Updated: Jan 03, 2016


Patients with ascites often state that they have recently noticed an increase in their abdominal girth.

Because most cases of ascites are due to liver disease, patients with ascites should be asked about risk factors for liver disease. These include the following:

  • Long-term heavy alcohol use
  • Multiple sexual partners
  • Homosexual activity with a male partner, or heterosexual activity with a bisexual male
  • Transfusion with blood not tested for hepatitis virus: in the United States, screening of donated blood for hepatitis B virus (HBV) began in 1972; reliable testing of the blood supply for hepatitis C virus (HCV) began in 1992 in developed countries
  • Tattoos
  • Living or birth in an area endemic for hepatitis

Patients with alcoholic liver disease who alternate between heavy alcohol consumption and abstention (or light consumption) may experience ascites in a cyclic fashion.

When a patient with a very long history of stable cirrhosis develops ascites, the possibility of superimposed hepatocellular carcinoma (HCC) should be considered.

Obesity, hypercholesterolemia, and type 2 diabetes mellitus are recognized causes of nonalcoholic steatohepatitis, which can progress to cirrhosis.
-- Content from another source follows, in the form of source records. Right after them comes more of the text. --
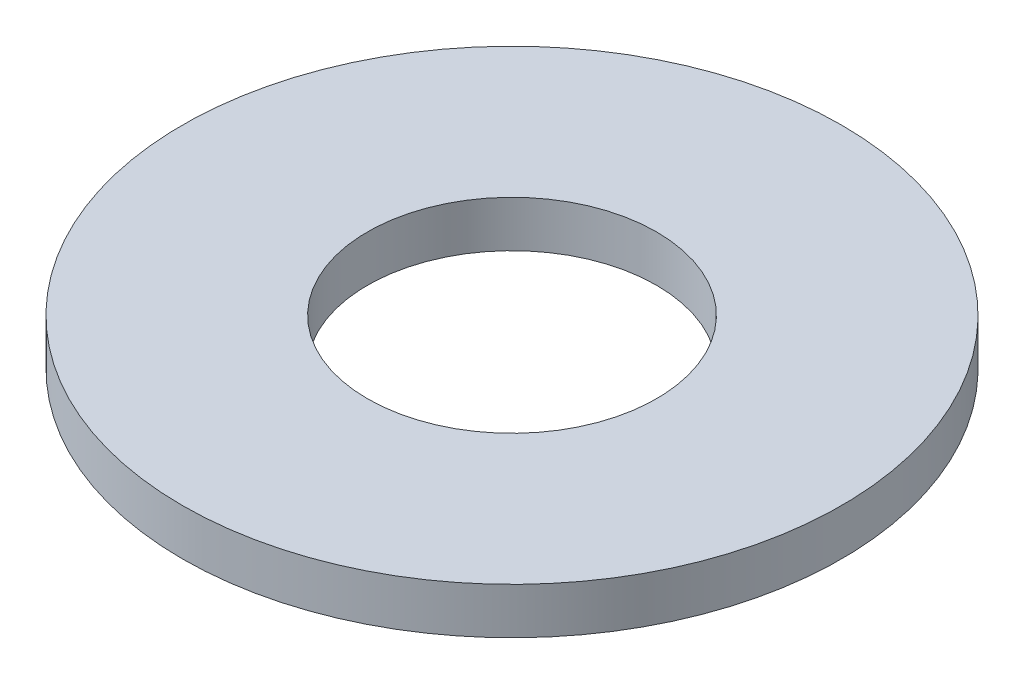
from build123d import *

# Parameters (mm, degrees)
SKETCH1_R           = 18.0975
SKETCH1_R_2         = 7.9375
BOSS_EXTRUDE1_DEPTH = 2.54


with BuildPart() as part:
    # Sketch1 → Boss-Extrude1 (new body)
    with BuildSketch(Plane(origin=(0, 0, 0), x_dir=(1, 0, 0), z_dir=(0, 1, 0))):
        with Locations(Location((0, 0, 0), (0, 0, 270))):
            Circle(SKETCH1_R)
        with Locations(Location((0, 0, 0), (0, 0, 270))):
            Circle(SKETCH1_R_2, mode=Mode.SUBTRACT)
    extrude(amount=BOSS_EXTRUDE1_DEPTH)


solid = part.part

Patients with a history of cancer, especially gastrointestinal cancer, are at risk for malignant ascites. Malignancy-related ascites is frequently painful, whereas cirrhotic ascites is usually painless.

Patients who develop ascites in the setting of established diabetes or nephrotic syndrome may have nephrotic ascites.



The physical examination in a patient with ascites should focus on the signs of portal hypertension and chronic liver disease.

  • Physical findings suggestive of liver disease include jaundice, palmar erythema, and spider angiomas.
  • The liver may be difficult to palpate if a large amount of ascites is present, but if palpable, the liver is often found to be enlarged. The puddle sign may be present when as little as 120 mL of fluid is present. When peritoneal fluid exceeds 500 mL, ascites may be demonstrated by the presence of shifting dullness or bulging flanks. A fluid-wave sign is notoriously inaccurate.
  • Elevated jugular venous pressure may suggest a cardiac origin of ascites. A firm nodule in the umbilicus, the so-called Sister Mary Joseph nodule, is not common but suggests peritoneal carcinomatosis originating from gastric, pancreatic, or hepatic primary malignancy.
  • A pathologic left-sided supraclavicular node (Virchow node) suggests the presence of upper abdominal malignancy.
  • Patients with cardiac disease or nephrotic syndrome may have anasarca.


Normal peritoneum

Portal hypertension (serum-ascites albumin gradient [SAAG] >1.1 g/dL)

  • Hepatic congestion, congestive heart failure, constrictive pericarditis, tricuspid insufficiency, Budd-Chiari syndrome
  • Liver disease, cirrhosis, alcoholic hepatitis, fulminant hepatic failure, massive hepatic metastases

Hypoalbuminemia (SAAG <1.1 g/dL)

  • Nephrotic syndrome
  • Protein-losing enteropathy
  • Severe malnutrition with anasarca

Miscellaneous conditions (SAAG <1.1 g/dL)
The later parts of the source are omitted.